There are no holes. There are no spaces.
One of the biggest learnings that came in my healing process after my dad’s death was truly seeing that we really do only see what we focus on. We only see what we are looking for.
After Dad died I, as many do and as we have been conditioned to do, saw my family as smaller. Less. Diminished. We went from 4 to 3 and the impact was obvious.
It wasn’t until it was suggested to me to look around and see instead how things had CHANGED that I could see the picture differently and see how it TRULY was.
We weren’t less. We weren’t diminished. We were very changed. Our roles and relationships had all shifted. The roles we had in relation to each other and the roles we had in relation to ourselves. We had all grown and changed in different ways (and were still growing and changing) and our family was simply DIFFERENT. Beautifully different. There was nothing missing.
Life is like water – it’s all very fluid and flows together. If you dip a bucket in a river and take it out there isn’t a distinct bucket shaped hole in the river. No, the water has rushed in immediately to fill that hole. Likewise when someone dies.

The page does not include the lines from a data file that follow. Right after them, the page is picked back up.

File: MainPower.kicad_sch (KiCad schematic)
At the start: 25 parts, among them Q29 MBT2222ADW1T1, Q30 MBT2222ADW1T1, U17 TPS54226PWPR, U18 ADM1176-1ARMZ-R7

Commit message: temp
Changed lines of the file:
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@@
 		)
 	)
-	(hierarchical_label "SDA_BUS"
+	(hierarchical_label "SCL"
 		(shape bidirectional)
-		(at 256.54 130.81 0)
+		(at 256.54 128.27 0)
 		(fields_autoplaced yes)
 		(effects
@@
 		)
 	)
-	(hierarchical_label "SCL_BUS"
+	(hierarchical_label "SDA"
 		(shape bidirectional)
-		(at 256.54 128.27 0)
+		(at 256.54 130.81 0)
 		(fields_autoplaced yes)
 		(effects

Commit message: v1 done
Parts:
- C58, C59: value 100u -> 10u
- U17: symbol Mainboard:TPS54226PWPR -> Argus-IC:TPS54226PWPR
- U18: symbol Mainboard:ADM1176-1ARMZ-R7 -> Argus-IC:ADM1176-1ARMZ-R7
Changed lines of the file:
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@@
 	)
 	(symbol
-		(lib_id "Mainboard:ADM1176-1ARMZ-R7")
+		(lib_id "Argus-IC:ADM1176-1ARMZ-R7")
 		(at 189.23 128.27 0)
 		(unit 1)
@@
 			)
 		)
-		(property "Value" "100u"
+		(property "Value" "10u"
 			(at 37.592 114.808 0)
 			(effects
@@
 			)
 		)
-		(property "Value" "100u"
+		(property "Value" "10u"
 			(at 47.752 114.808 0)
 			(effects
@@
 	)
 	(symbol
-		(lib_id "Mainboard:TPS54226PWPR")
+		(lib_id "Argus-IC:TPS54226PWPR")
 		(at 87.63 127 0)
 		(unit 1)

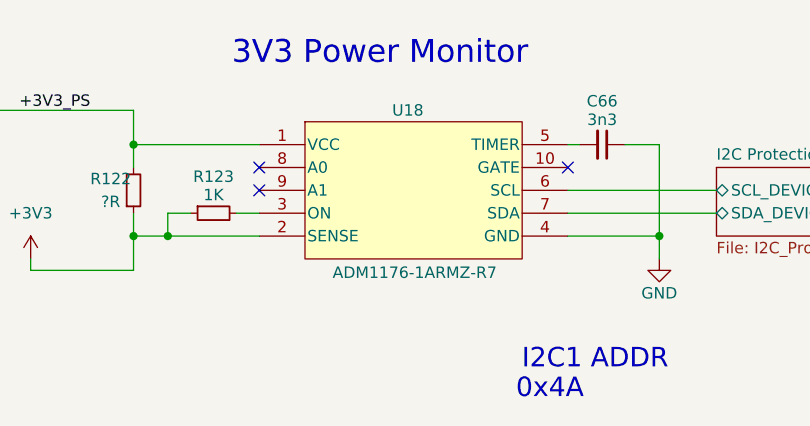
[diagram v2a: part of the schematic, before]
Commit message: Updated i2c device addresses and mcu caps
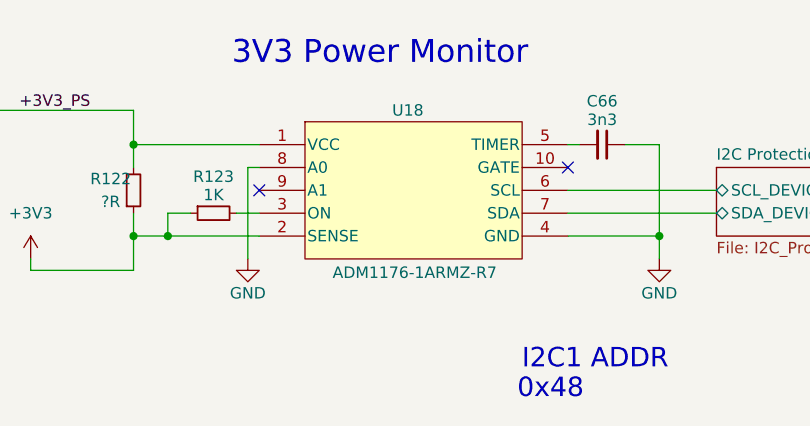
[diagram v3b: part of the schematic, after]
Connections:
- net GND: now also U18.8 (A0)
- no-connect marks 3 -> 2
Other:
- note added: "0x48"
- note removed: "0x4A"
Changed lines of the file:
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@@
 		(at 207.01 125.73)
 	)
-	(no_connect
-		(at 172.72 125.73)
-	)
 	(wire
 		(pts
@@
 	(wire
 		(pts
+			(xy 171.45 125.73) (xy 171.45 135.89)
+		)
+		(stroke
+			(width 0)
+			(type default)
+		)
+	)
+	(wire
+		(pts
 			(xy 142.24 45.72) (xy 142.24 46.99)
 		)
@@
 		(pts
 			(xy 217.17 123.19) (xy 217.17 133.35)
+		)
+		(stroke
+			(width 0)
+			(type default)
+		)
+	)
+	(wire
+		(pts
+			(xy 172.72 125.73) (xy 171.45 125.73)
 		)
 		(stroke
@@
 		)
 	)
-	(text "0x4A"
+	(text "0x48"
 		(exclude_from_sim no)
 		(at 208.788 151.638 0)
@@
 					(unit 1)
 				)
+			)
+		)
+	)
+	(symbol
+		(lib_id "power:GND")
+		(at 171.45 135.89 0)
+		(unit 1)
+		(exclude_from_sim no)
+		(in_bom yes)
+		(on_board yes)
+		(dnp no)
+		(property "Reference" "#PWR0155"
+			(at 171.45 142.24 0)
+			(effects
+				(font
+					(size 1.27 1.27)
+				)
+				(hide yes)
+			)
+		)
+		(property "Value" "GND"
+			(at 171.45 139.7 0)
+			(effects
+				(font
+					(size 1.27 1.27)
+				)
+			)
+		)
+		(property "Footprint" ""
+			(at 171.45 135.89 0)
+			(effects
+				(font
+					(size 1.27 1.27)
+				)
+				(hide yes)
+			)
+		)
+		(property "Datasheet" ""
+			(at 171.45 135.89 0)
+			(effects
+				(font
+					(size 1.27 1.27)
+				)
+				(hide yes)
+			)
+		)
+		(property "Description" "Power symbol creates a global label with name \"GND\" , ground"
+			(at 171.45 135.89 0)
+			(effects
+				(font
+					(size 1.27 1.27)
+				)
+				(hide yes)
+			)
+		)
+		(pin "1"
+		)
+		(instances
+			(project "Avionics-MainBoard"
+				(path "/4c932743-8c6f-426e-9c1f-5a3f2b32c70d/60aa2943-2df4-4541-853f-c25e8e58a8ce"
+					(reference "#PWR0155")
+					(unit 1)
+				)

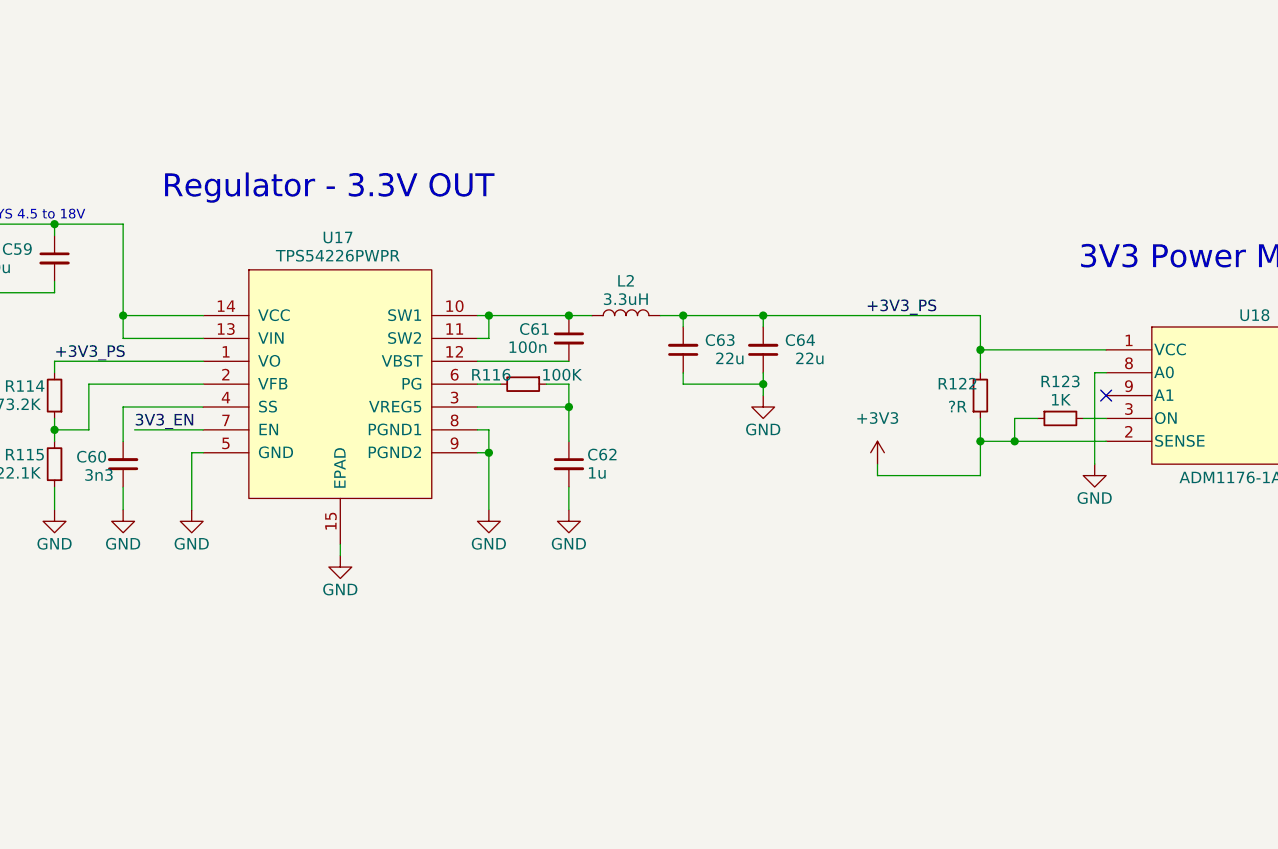
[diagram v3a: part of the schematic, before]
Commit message: Added better protection to SD card, Jetson IO, and added address breakouts to power monitors
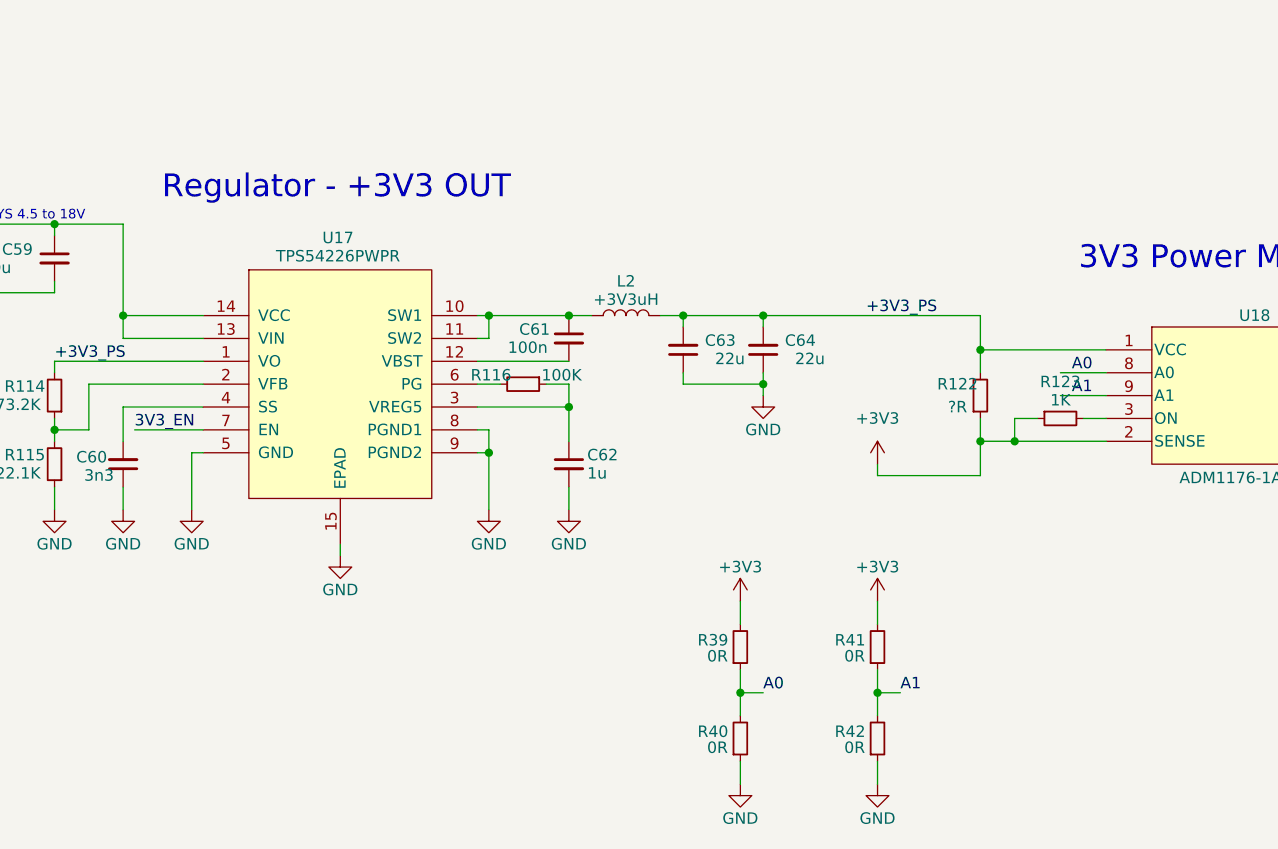
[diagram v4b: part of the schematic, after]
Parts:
- added R39, R40, R41, R42: 0R, Resistor_SMD:R_0603_1608Metric, symbol Device:R_Small
- L2: value 3.3uH -> +3V3uH
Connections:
- net +3V3: now also R39.2, R41.2
- net GND: now also R40.1, R42.1; no longer U18.8 (A0)
- net A1: now reaches U18.9 (A1)
- net A1: now also R41.1, R42.2
- new net A0: R39.1, R40.2, U18.8 (A0)
- no-connect marks 2 -> 1
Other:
- note added: "Regulator - +3V3 OUT"
- note removed: "Regulator - 3.3V OUT"

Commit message: Updated version to v2.1
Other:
- company: (none) -> Carnegie Mellon University
- title: (none) -> Argus Mainboard
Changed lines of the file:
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@@
 	(generator_version "8.0")
 	(paper "A4")
+	(title_block
+		(title "Argus Mainboard")
+		(date "2024-11-19")
+		(rev "v2.1")
+		(company "Carnegie Mellon University")
+		(comment 1 "M. Holliday")
+		(comment 2 "N. Khera")
+		(comment 3 "V. Rajesh")
+	)
 	(junction
 		(at 104.14 134.62)

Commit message: v3 partial schematic updates
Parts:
- added C71, C74, C81: 1u, Capacitor_SMD:C_0603_1608Metric, symbol Device:C_Small
- added C72, C75: 22u, Capacitor_SMD:C_1210_3225Metric, symbol Device:C_Small
- added C73, C76: 10n, Capacitor_SMD:C_0603_1608Metric, symbol Device:C_Small
- added C77, C78: 10u, Capacitor_SMD:C_0805_2012Metric, symbol Device:C_Small
- added C79, C84: 3n3, Capacitor_SMD:C_0603_1608Metric, symbol Device:C_Small
- added C80: 100n, Capacitor_SMD:C_0603_1608Metric, symbol Device:C_Small
- added C82, C83: 22u, Capacitor_SMD:C_0603_1608Metric, symbol Device:C_Small
- added D10, D11: SZMMSZ4685T1G, symbol Device:D_Zener_Small
- added D6, D7, D8, D9: LED_G_0603_LTST-C190GKT, LED_SMD:LED_0603_1608Metric, symbol Device:LED_Small_Filled
- added L3: 3.3uH, Inductor_SMD:L_1812_4532Metric, symbol Device:L
- added R125: 22.1k, Resistor_SMD:R_0603_1608Metric, symbol Device:R_Small
- added R126: 100k, Resistor_SMD:R_0603_1608Metric, symbol Device:R_Small
- added R127: 0.1R, Resistor_SMD:R_2512_6332Metric, symbol Device:R_Small
- added R128: 1k, Resistor_SMD:R_0603_1608Metric, symbol Device:R_Small
- added R129, R130, R131, R132: 0R, Resistor_SMD:R_0603_1608Metric, symbol Device:R_Small
- added R145, R146: 10k, Resistor_SMD:R_0603_1608Metric, symbol Device:R_Small
- added R147, R148: 4.7k, Resistor_SMD:R_0603_1608Metric, symbol Device:R_Small
- added R77: 16k, Resistor_SMD:R_0603_1608Metric, symbol Device:R_Small
- added R78: 3.6k, Resistor_SMD:R_0603_1608Metric, symbol Device:R_Small
- added R79: 51k, Resistor_SMD:R_0603_1608Metric, symbol Device:R_Small
- added R80, R82: 1.54k, Resistor_SMD:R_0603_1608Metric, symbol Device:R_Small
- added R81: 11k, Resistor_SMD:R_0603_1608Metric, symbol Device:R_Small
- added R99: 73.2k, Resistor_SMD:R_0603_1608Metric, symbol Device:R_Small
- added U12, U13: TPS259621DDA, Package_SO:Texas_R-PDSO-G8_EP2.95x4.9mm_Mask2.4x3.1mm_ThermalVias, symbol oresat-ics:TPS259621DDA
- added U19: TPS54226PWPR, Package_SO:HTSSOP-14-1EP_4.4x5mm_P0.65mm_EP3.4x5mm_Mask3x3.1mm, symbol Argus-IC:TPS54226PWPR
- added U21: ADM1176-1ARMZ-R7, Package_SO:MSOP-10_3x3mm_P0.5mm, symbol Argus-IC:ADM1176-1ARMZ-R7
- L2: value +3V3uH -> 3.3uH
- R114, R117: value 73.2K -> 73.2k
- R115: value 22.1K -> 22.1k
- R116, R118, R121: value 100K -> 100k
- R119: value 20K -> 20k
- R120: value 200K -> 200k
- R122: value ?R -> 0.1R
- R123: value 1K -> 1k
- R124: value 10K -> 10k
- R39, R41, R42: now not fitted
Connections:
- net +3V3_PS: now also C82.2, C83.2, D11.1 (K), L3.2, R127.2, R148.2, R99.2, U19.1 (VO), U21.1 (VCC); no longer C63.2, C64.2, L2.2, R114.2, R122.2, U17.1 (VO), U18.1 (VCC)
- net A0: now also R129.1, R130.2, U21.8 (A0)
- net A1: now also R131.1, R132.2, U21.9 (A1)
- net GND: now also C71.2, C72.2, C73.2, C74.2, C75.2, C76.2, C77.2, C78.2, C79.1, C81.2, C82.1, C83.1, C84.1, D10.2 (A), D11.2 (A), D6.1 (K), D7.1 (K), D8.1 (K), D9.1 (K), R125.1, R130.1, R132.1, R78.2, R80.2, R81.2, R82.2, U12.1 (GND), U12.9 (GND), U13.1 (GND), U13.9 (GND), U19.15 (EPAD), U19.5 (GND), U19.8 (PGND1), U19.9 (PGND2), U21.4 (GND)
- net VSYS: now also C71.1, C72.1, C74.1, C75.1, R77.1, R79.1, U12.4 (IN), U13.4 (IN); no longer C58.1, C59.1, U17.13 (VIN), U17.14 (VCC)
- net +3V3 renamed +3V3_M
- net 3V3_EN renamed 3V3_M_EN
- net 3V3_RST renamed 3V3_M_RST
- new net: C79.2, U19.4 (SS)
- new net: R79.2, R81.1, U13.3 (EN/UVLO)
- new net: R77.2, R78.1, U12.3 (EN/UVLO)
- new net: D9.2 (A), R148.1
- new net: C76.1, U13.2 (dVdt)
- new net: C73.1, U12.2 (dVdt)
- new net: D6.2 (A), R145.1
- new net: C81.1, R126.1, U19.3 (VREG5)
- new net: R126.2, U19.6 (PG)
- new net: R125.2, R99.1, U19.2 (VFB)
- new net: D8.2 (A), R147.1
- new net: R80.1, U12.7 (ILM)
- new net: C84.2, U21.5 (TIMER)
- new net: R128.2, U21.3 (ON)
- new net: C80.1, L3.1, U19.10 (SW1), U19.11 (SW2)
- new net: C80.2, U19.12 (VBST)
- new net: R82.1, U13.7 (ILM)
- new net: D7.2 (A), R146.1
- new net +3V3_MS: C63.2, C64.2, D10.1 (K), L2.2, R114.2, R122.2, R147.2, U17.1 (VO), U18.1 (VCC)
- new net +3V3_P: R127.1, R128.1, R129.2, R131.2, U21.2 (SENSE)
- new net 3V3_P_EN: U19.7 (EN)
- new net I2C Protection7/SCL_DEVICE: U21.6 (SCL)
- new net I2C Protection7/SDA_DEVICE: U21.7 (SDA)
- new net VSYS_M: C58.1, C59.1, R145.2, U12.5 (OUT), U17.13 (VIN), U17.14 (VCC)
- new net VSYS_P: C77.1, C78.1, R146.2, U13.5 (OUT), U19.13 (VIN), U19.14 (VCC)
- no-connect marks 1 -> 6
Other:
- added sheet I2C Protection7 (I2C_Protection.kicad_sch)
- note added: "+3V3 Main Power Monitor"
- note added: "+3V3 Main Regulator"
- note added: "+3V3 Main eFuse"
- note added: "+3V3 Peripheral Power Monitor"
- note added: "+3V3 Peripheral Regulator"
- note added: "+3V3 Peripheral eFuse"
- note added: "0x4A"
- note added: "POWER ON"
- note added: "POWER SAFETY"
- note added: "Rsense"
- note added: "TODO: ILIM should be lower"
- note added: "TODO: ILIM should maybe be higher TODO: USE FLT"
- note added: "TODO: Maybe use ADM1176 GATE + NMOS for OC protection"
- note added: "TPS259621 = Autoretry after thermal shutdown Card current limited to 0.6 A by R_ILM = 1.54k ohm dv/dt = 10nF sets it to 4.2 V/ms instead of the default 70 V/ms OVLO = 13.7 V (open) UVLO = 6.0 V"
- note added: "TPS259621 = Autoretry after thermal shutdown Card current limited to 0.6 A by R_ILM = 1.54k ohm dv/dt = 10nF sets it to 4.2 V/ms instead of the default 70 V/ms OVLO = 13.7 V (open) UVLO = 6.2 V"
- note added: "VGOOD"
- note added: "V_z = 3.6V"
- note added: "Vout = 0.765 * (1 + R114 / R115) Vout = 0.765 * (1 + 73.2k / 22.1k) Vout - 3.298V"
- note removed: "3V3 Power Monitor"
- note removed: "Regulator - +3V3 OUT"
- moved on the sheet: C58, C59, C60, C61, C62, C63, C64, C65, C66, L2, Q29A, Q29B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

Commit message: v3 Layout complete
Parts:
- removed R129, R131, R39, R41: 0R, Resistor_SMD:R_0603_1608Metric, symbol Device:R_Small
- added R160: 10k, Resistor_SMD:R_0603_1608Metric, symbol Device:R_Small
- C31: renamed from C71; value 1u -> 22u; footprint Capacitor_SMD:C_0603_1608Metric -> Capacitor_SMD:C_1210_3225Metric
- C32: renamed from C72; value 22u -> 1u; footprint Capacitor_SMD:C_1210_3225Metric -> Capacitor_SMD:C_0603_1608Metric
- C39: renamed from C63; footprint Capacitor_SMD:C_0603_1608Metric -> Capacitor_SMD:C_1210_3225Metric
- C40: renamed from C64; footprint Capacitor_SMD:C_0603_1608Metric -> Capacitor_SMD:C_1210_3225Metric
- C42: renamed from C74; value 1u -> 22u; footprint Capacitor_SMD:C_0603_1608Metric -> Capacitor_SMD:C_1210_3225Metric
- C43: renamed from C75; value 22u -> 1u; footprint Capacitor_SMD:C_1210_3225Metric -> Capacitor_SMD:C_0603_1608Metric
- C50: renamed from C82; footprint Capacitor_SMD:C_0603_1608Metric -> Capacitor_SMD:C_1210_3225Metric
- C51: renamed from C83; footprint Capacitor_SMD:C_0603_1608Metric -> Capacitor_SMD:C_1210_3225Metric
- C53: renamed from C65; footprint Capacitor_SMD:C_0603_1608Metric -> Capacitor_SMD:C_0805_2012Metric
- D7: renamed from D10; footprint (none) -> Diode_SMD:D_SOD-123
- D8: renamed from D11; footprint (none) -> Diode_SMD:D_SOD-123
- L2, L3: footprint Inductor_SMD:L_1812_4532Metric -> Argus-Passives:IND_SPM5030T-3R3M-HZ
- R21: renamed from R78; value 3.6k -> 3k6
- R22: renamed from R80; value 1.54k -> 1k54
- R23: renamed from R114; value 73.2k -> 73k2
- R24: renamed from R115; value 22.1k -> 22k1
- R26: renamed from R122; value 0.1R -> 0.01R
- R31: renamed from R42; now fitted
- R34: renamed from R82; value 1.54k -> 1k54
- R35: renamed from R99; value 73.2k -> 73k2
- R36: renamed from R125; value 22.1k -> 22k1
- R38: renamed from R127; value 0.1R -> 0.01R
- R41: renamed from R130; value 0R -> 150k; now fitted
- R43: renamed from R132; now fitted
- R46: renamed from R147; value 4.7k -> 4k7
- R47: renamed from R148; value 4.7k -> 4k7
- R48: renamed from R117; value 73.2k -> 73k2
- U5: renamed from U12; symbol oresat-ics:TPS259621DDA -> Argus-IC:TPS259621DDA
- U8: renamed from U13; symbol oresat-ics:TPS259621DDA -> Argus-IC:TPS259621DDA
- renumbered C73 to C33, C58 to C34, C59 to C35, C60 to C36, C61 to C37, C62 to C38, C66 to C41, C76 to C44, C77 to C45, C78 to C46, C79 to C47, C80 to C48, C81 to C49, C84 to C52, D6 to D3, D7 to D4, D8 to D5, D9 to D6, Q29 to Q2, Q30 to Q3, R77 to R20, R116 to R25, R123 to R27, R40 to R29, R79 to R32, R81 to R33, R126 to R37, R128 to R39, R145 to R44, R146 to R45, R118 to R49, R120 to R50, R121 to R51, R119 to R52, R124 to R53, U21 to U10, U17 to U6, U18 to U7, U19 to U9
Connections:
- net +3V3_M: now also R160.1
- net 3V3_P_FLT: now reaches U8.6 (*FLT)
- net 3V3_P_FLT: now also R160.2
- net A0 renamed A0_M
- net A0_M: no longer R41.2, U10.8 (A0)
- net A1 renamed A1_M
- net A1_M: no longer R43.2, U10.9 (A1)
- new net A0_P: R41.2, U10.8 (A0)
- new net A1_P: R43.2, U10.9 (A1)
- no-connect marks 6 -> 5
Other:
- sheet I2C Protection5 ports: added 3V3; removed none
- sheet I2C Protection7 ports: added 3V3; removed none
- note added: "0x40"
- note added: "0x41"
- note added: "TODO: ILIM should maybe be higher"
- note removed: "0x48"
- note removed: "0x4A"
- note removed: "TODO: ILIM should maybe be higher TODO: USE FLT"
- note removed: "TODO: Maybe use ADM1176 GATE + NMOS for OC protection"

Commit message: Addressed design issues
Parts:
- R34: value 1k54 -> 909R
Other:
- note added: "TPS259621 = Autoretry after thermal shutdown Card current limited to 1.0 A by R_ILM = 909 ohm dv/dt = 10nF sets it to 4.2 V/ms instead of the default 70 V/ms OVLO = 13.7 V (open) UVLO = 6.2 V"
- note removed: "TODO: ILIM should be lower"
- note removed: "TODO: ILIM should maybe be higher"
- note removed: "TPS259621 = Autoretry after thermal shutdown Card current limited to 0.6 A by R_ILM = 1.54k ohm dv/dt = 10nF sets it to 4.2 V/ms instead of the default 70 V/ms OVLO = 13.7 V (open) UVLO = 6.2 V"
- moved on the sheet: R29, R31, R41, R43

Everything moves and changes, especially after a big event like a death. You change. Your family changes. Your relationships change. There are no holes and spaces.
BUT YOU HAVE TO LOOK. And if you aren’t looking you won’t see.
So start looking for how things have shifted and changed (and no, not just for the worse). How seemingly empty spaces have been filled. How things have flowed. It’s all there for you to see right now – it just takes your committed curiosity and enquiry.